Monthly expenses goal: $2,000 (I just did our budget yesterday, and it looks like we may actually only spend $1,500-$1,800!!!  More on that to come.)

Annual expenses goal: $24,000

Early retirement goal: $600,000

Early retirement timeline: June 2026

Current net worth: ~$25,000

Current income: Frugal Merman – $65,000, Frugal Mermaid – $?

As you can see, we have 9 years left to grow our portfolio by $575,000.  That means, not factoring in returns, that we need to save a little less than $64,000 a year.  My husband is currently making $65,000, and we obviously can’t live on $1,000 a year (challenge NOT accepted).

But I don’t have a job yet.  Because my husband is making $65k, I just need to make enough to cover our $24,000 in expenses, plus enough to cover taxes (grr), and we can save my husband’s entire salary.  Challenge accepted.

Early retirement can be accessible to everyone.  You may have to make a few changes in your life, but it will be worth it when you retire 30 years before everyone else.

What things are you willing to change to retire early?

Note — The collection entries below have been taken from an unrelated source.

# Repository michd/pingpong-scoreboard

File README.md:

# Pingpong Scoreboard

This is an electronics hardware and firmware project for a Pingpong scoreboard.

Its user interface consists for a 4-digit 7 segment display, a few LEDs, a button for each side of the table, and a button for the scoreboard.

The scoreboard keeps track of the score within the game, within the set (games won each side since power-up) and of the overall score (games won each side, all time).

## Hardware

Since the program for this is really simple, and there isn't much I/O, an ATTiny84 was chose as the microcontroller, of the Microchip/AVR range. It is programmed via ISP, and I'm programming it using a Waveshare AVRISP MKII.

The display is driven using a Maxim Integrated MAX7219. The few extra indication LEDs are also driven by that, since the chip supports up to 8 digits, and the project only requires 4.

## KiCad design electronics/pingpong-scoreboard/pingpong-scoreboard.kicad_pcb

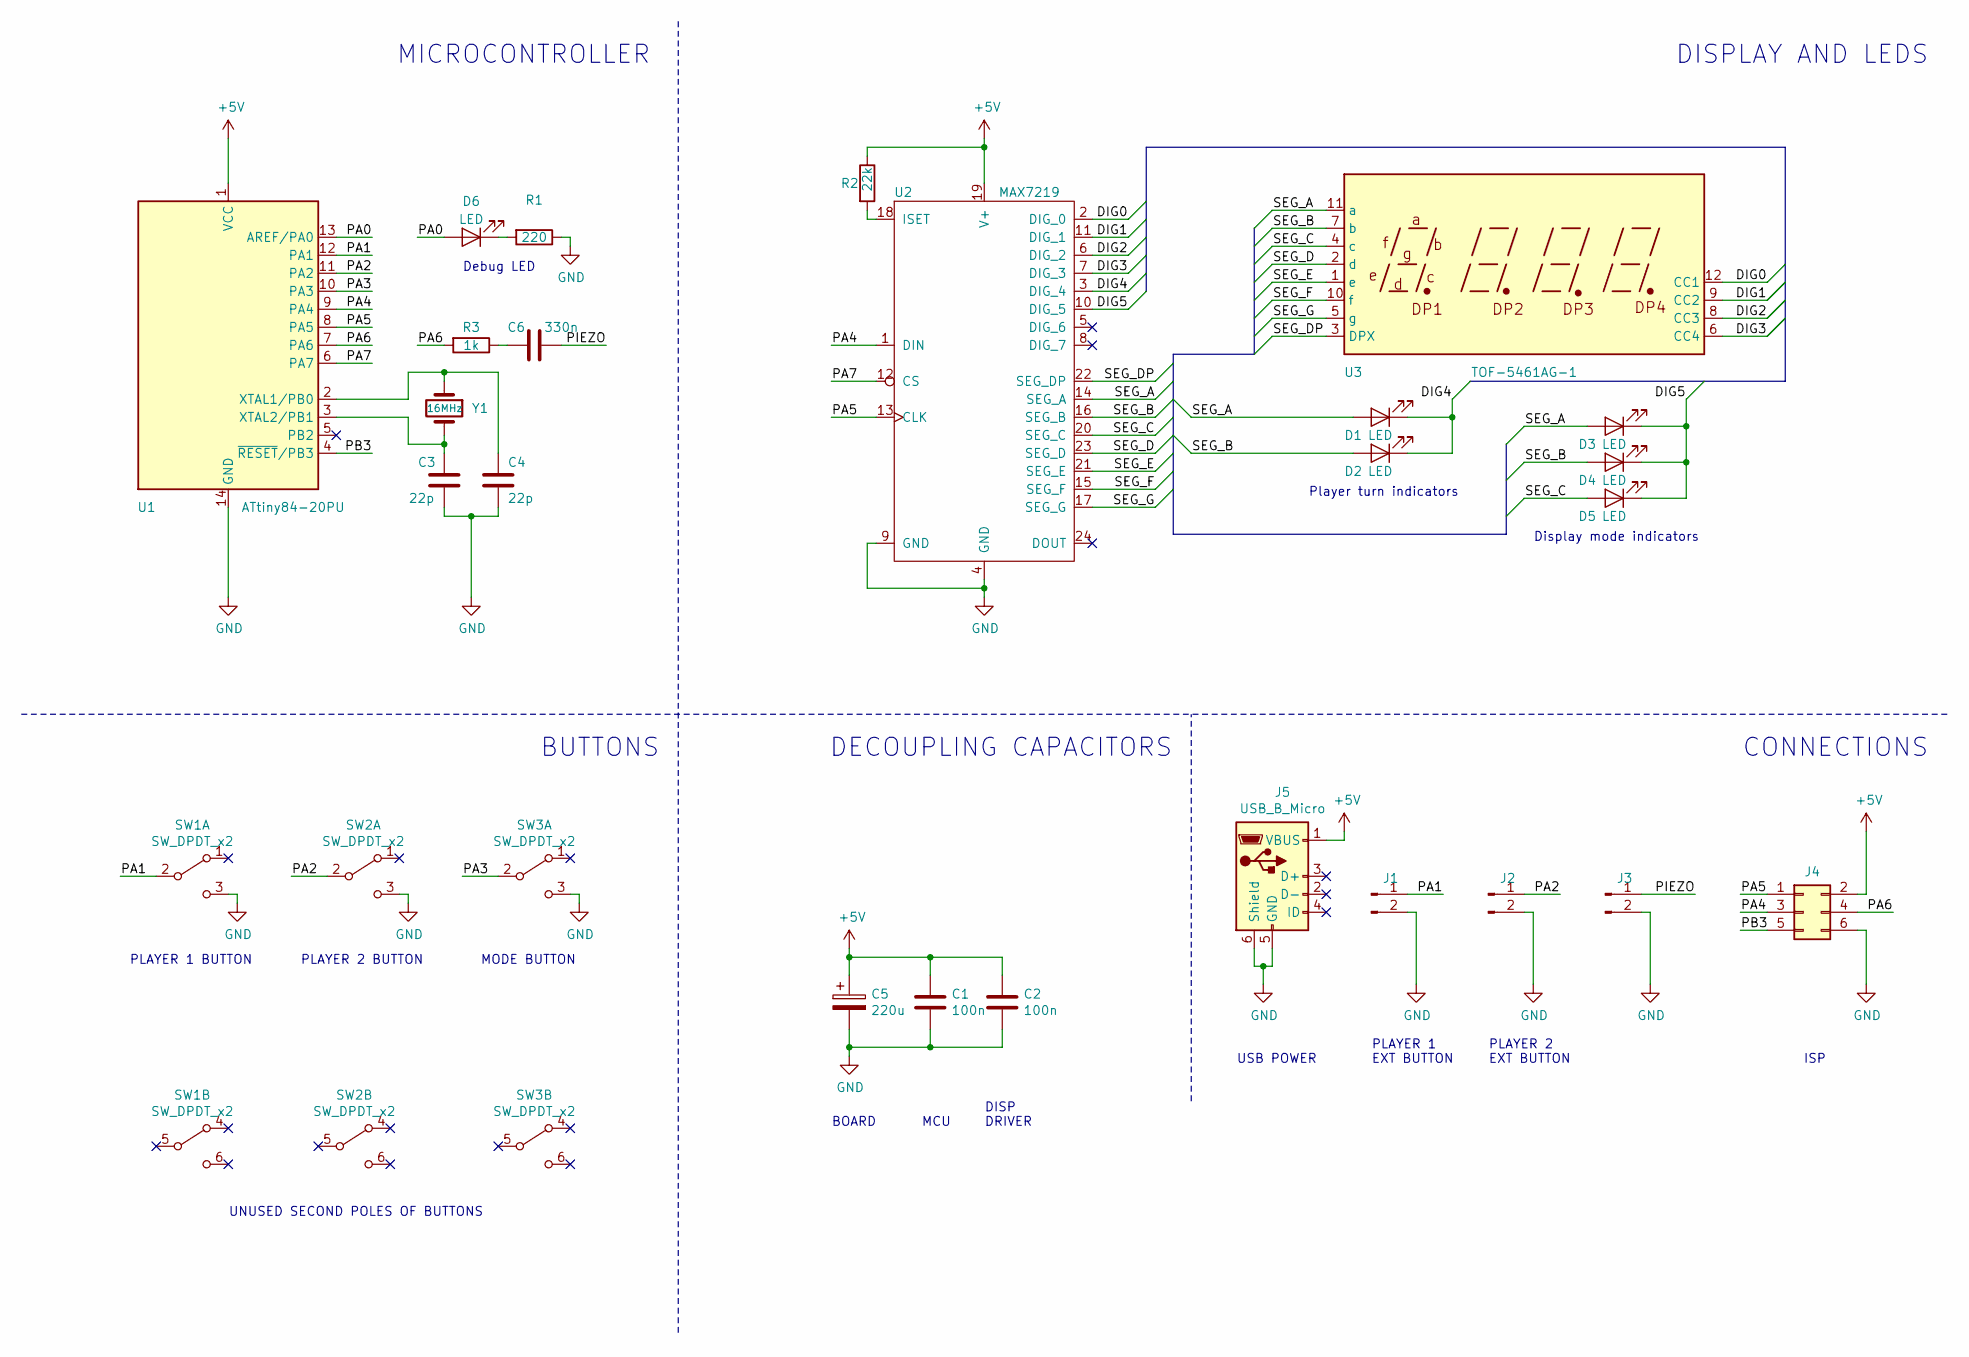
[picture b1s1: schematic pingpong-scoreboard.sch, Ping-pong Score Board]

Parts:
C1, C2: 100n; C_Disc_D4.3mm_W1.9mm_P5.00mm
C3, C4: 22p; C_Disc_D4.3mm_W1.9mm_P5.00mm
C5: 220u; CP_Radial_D6.3mm_P2.50mm
C6: 330n; C_0603_1608Metric
D1, D2: LED; LED_D5.0mm_Clear
D3, D4, D5: LED; LED_D5.0mm
D6: LED; LED_0603_1608Metric
J1, J2, J3: Conn_01x02_Male; PinHeader_1x02_P2.54mm_Horizontal
J4: Conn_02x03_Odd_Even; IDC-Header_2x03_P2.54mm_Horizontal
J5: USB_B_Micro; USB_Micro-B_Amphenol_10103594-0001LF_Horizontal
R1: 220; R_0603_1608Metric
R2: 22k; R_0603_1608Metric
R3: 1k; R_0603_1608Metric
SW1, SW2, SW3: SW_DPDT_x2; 6-pin-momentary-push-button
U1: ATtiny84-20PU; DIP-14_W7.62mm_LongPads
U2: MAX7219; DIP-24_W7.62mm_LongPads
U3: TOF-5461AG-1; CA56-12CGKWA
Y1: 16MHz; Resonator-2Pin_W10.0mm_H5.0mm

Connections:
+5V: C1.1, C2.1, C5.1, J4.2, J5.1 (VBUS), R2.1, U1.1 (VCC), U2.19 (V+)
/DIG0: U2.2 (DIG_0), U3.12 (CC1)
/DIG1: U2.11 (DIG_1), U3.9 (CC2)
/DIG2: U2.6 (DIG_2), U3.8 (CC3)
/DIG3: U2.7 (DIG_3), U3.6 (CC4)
/DIG4: D1.1 (K), D2.1 (K), U2.3 (DIG_4)
/DIG5: D3.1 (K), D4.1 (K), D5.1 (K), U2.10 (DIG_5)
/PA0: D6.2 (A), U1.13 (AREF/PA0)
/PA1: J1.1, SW1.2 (B), U1.12 (PA1)
/PA2: J2.1, SW2.2 (B), U1.11 (PA2)
/PA3: SW3.2 (B), U1.10 (PA3)
/PA4: J4.3, U1.9 (PA4), U2.1 (DIN)
/PA5: J4.1, U1.8 (PA5), U2.13 (CLK)
/PA6: J4.4, R3.2, U1.7 (PA6)
/PA7: U1.6 (PA7), U2.12 (CS)
/PB3: J4.5, U1.4 (~RESET~/PB3)
/PIEZO: C6.1, J3.1
/SEG_A: D1.2 (A), D3.2 (A), U2.14 (SEG_A), U3.11 (a)
/SEG_B: D2.2 (A), D4.2 (A), U2.16 (SEG_B), U3.7 (b)
/SEG_C: D5.2 (A), U2.20 (SEG_C), U3.4 (c)
/SEG_D: U2.23 (SEG_D), U3.2 (d)
/SEG_DP: U2.22 (SEG_DP), U3.3 (DPX)
/SEG_E: U2.21 (SEG_E), U3.1 (e)
/SEG_F: U2.15 (SEG_F), U3.10 (f)
/SEG_G: U2.17 (SEG_G), U3.5 (g)
GND: C1.2, C2.2, C3.2, C4.2, C5.2, J1.2, J2.2, J3.2, J4.6, J5.5 (GND), J5.6 (Shield), R1.1, SW1.3 (C), SW2.3 (C), SW3.3 (C), U1.14 (GND), U2.4 (GND), U2.9 (GND)
unnamed: C3.1, U1.3 (XTAL2/PB1), Y1.2
unnamed: C4.1, U1.2 (XTAL1/PB0), Y1.1
unnamed: C6.2, R3.1
unnamed: D6.1 (K), R1.2
unnamed: R2.2, U2.18 (ISET)

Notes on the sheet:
Player turn indicators
Display mode indicators
PLAYER 1 BUTTON
PLAYER 2 BUTTON
MODE BUTTON
UNUSED SECOND POLES OF BUTTONS
Debug LED
PLAYER 1 EXT BUTTON
PLAYER 2 EXT BUTTON
ISP
USB POWER
CONNECTIONS
BOARD
MCU
DISP DRIVER
DECOUPLING CAPACITORS
BUTTONS
MICROCONTROLLER
DISPLAY AND LEDS

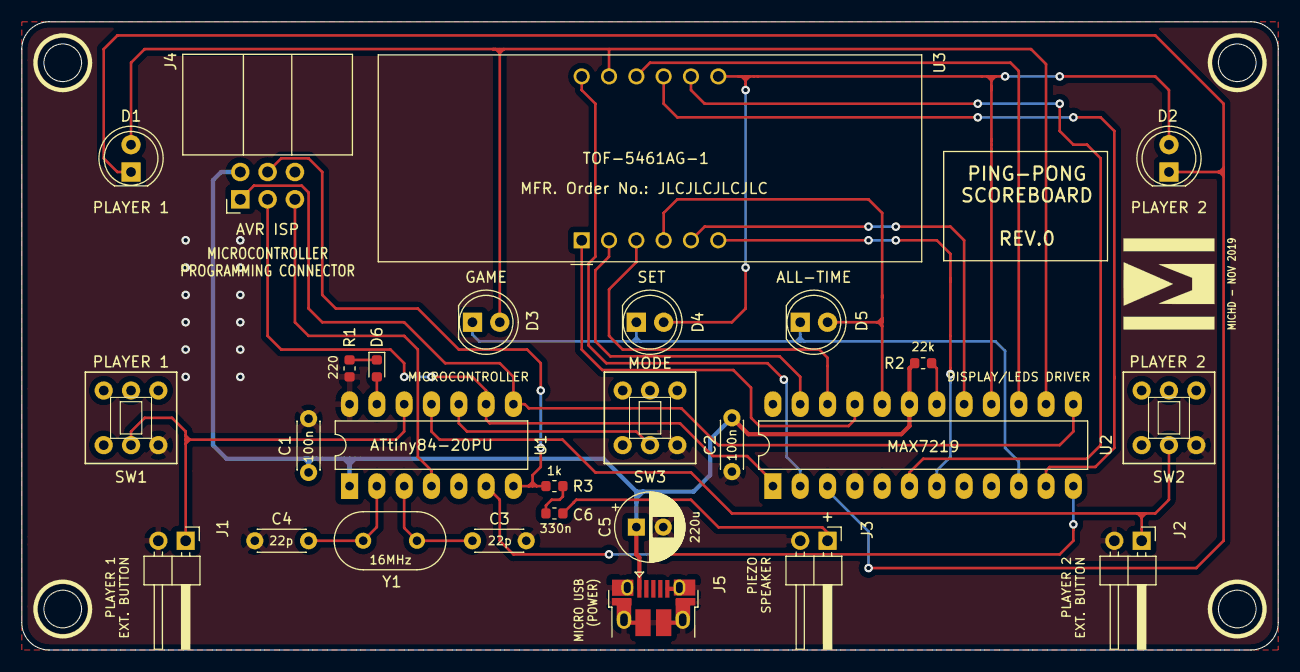
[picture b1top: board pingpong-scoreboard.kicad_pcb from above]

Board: 2 copper layers, 116.8 x 58.4 mm, 27 parts (0 on the bottom side), 31 nets.

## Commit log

2019-11-09 Initial commit: start of firmware (buttons, disp)
    Also starts implementing the actual score-keeping logic, but a lot left
    to do.
2019-11-10 Debounce buttons, implement more game logic
2019-11-10 Add LEDs to indicate what's on the display
2019-11-11 Add saving to EEPROM
2019-11-11 Save alltime score to eeprom w/ delay
2019-11-11 Fix MAX72S19 SetLed method, to use correct digit reg
2019-11-11 Indicate with display dot when alltime score saved
    Just a minor visual indicator to let you know it's okay to power off,
    and be sure the score is saved.
2019-11-11 Preserve EEPROM across flash writes (MakeFile)
2019-11-11 Add characters for "Ping pong" to MAX72S19 decoding
2019-11-11 Add animation system
    Using the main tick interrupts, allows running animation implemented
    with a little bit of data, and frame/finished functions. Supports
    infinite animations too.
    Animations can be used for anything, not just display-related things.
2019-11-11 Add a startup "ping pong" fading animation
    Just 'cause.
2019-11-15 Set up Timer1 for audio out (simple square waves)
    This will be driving a piezo speaker, used for playing a little tune
    when a game ends, and possibly other sound effects.
2019-11-15 Add KiCad schematic
2019-11-15 Lay out PCB components + add piezo output
2019-11-15 Route PCB, set up nice silkscreen
2019-11-16 Add tone generator, allowing actually playing notes
    Note frequencies come out somewhat approximate when leaving the C3-C5
    range, but close enough.
2019-11-16 Remove animation finished callback, pointless
2019-11-16 Move startup, win animation to animation.c
    Also allow clearing animation that is ongoing, which makes it
    immediately execute its final frame.
    Position incrementing in animation is now done by the animation system
    instead of the animation's frame function. Frame functions may still
    manipulate the position, but it's not recommended.
2019-11-16 Put MAX72S19 lib on diet, cut out some cruft
2019-11-16 Add system to play melodies as concurrent animation
    Quite tricky, and had to refactor in favor of size slightly.
2019-11-17 Add win melody + some tweaks in prioritising melodies
2019-11-17 Shorter startup melody
2019-11-17 Increase speed on startup animation
2019-11-23 Add code fix for incorrect display wiring on board
    Oops. The digits were essentially inverted, so now re-assigning them in
    the display driver file instead of bodging the hardware.
2019-11-23 Rewrite button press/long press handling
    This was very buggy, with double presses and wrong buttons being
    triggered. Now seems to work quite reliably without any double or missed
    presses, let alone the display mode occasionally being changed when
    pressing a player button. Still not sure what caused that last one, but
    I'm guessing it's race conditions.
2022-04-09 Firmware: fix some tone generation bug
    (These changes were over a year ago and I'm about to reinstall the OS on
    this computer, just making sure they don't get lost)

2 thoughts on “The NEW Retirement”

  1. Great post Frugal Mermaid! I enjoy the optimistic tone and practical/straightforward advice. Working towards financial independence is a worthy goal for anyone, and I’ve found that even just getting into the habit of more consciously living within my means and saving/investing the excess results in a certain empowerment that’s intoxicating. Looking forward to following along with your blog!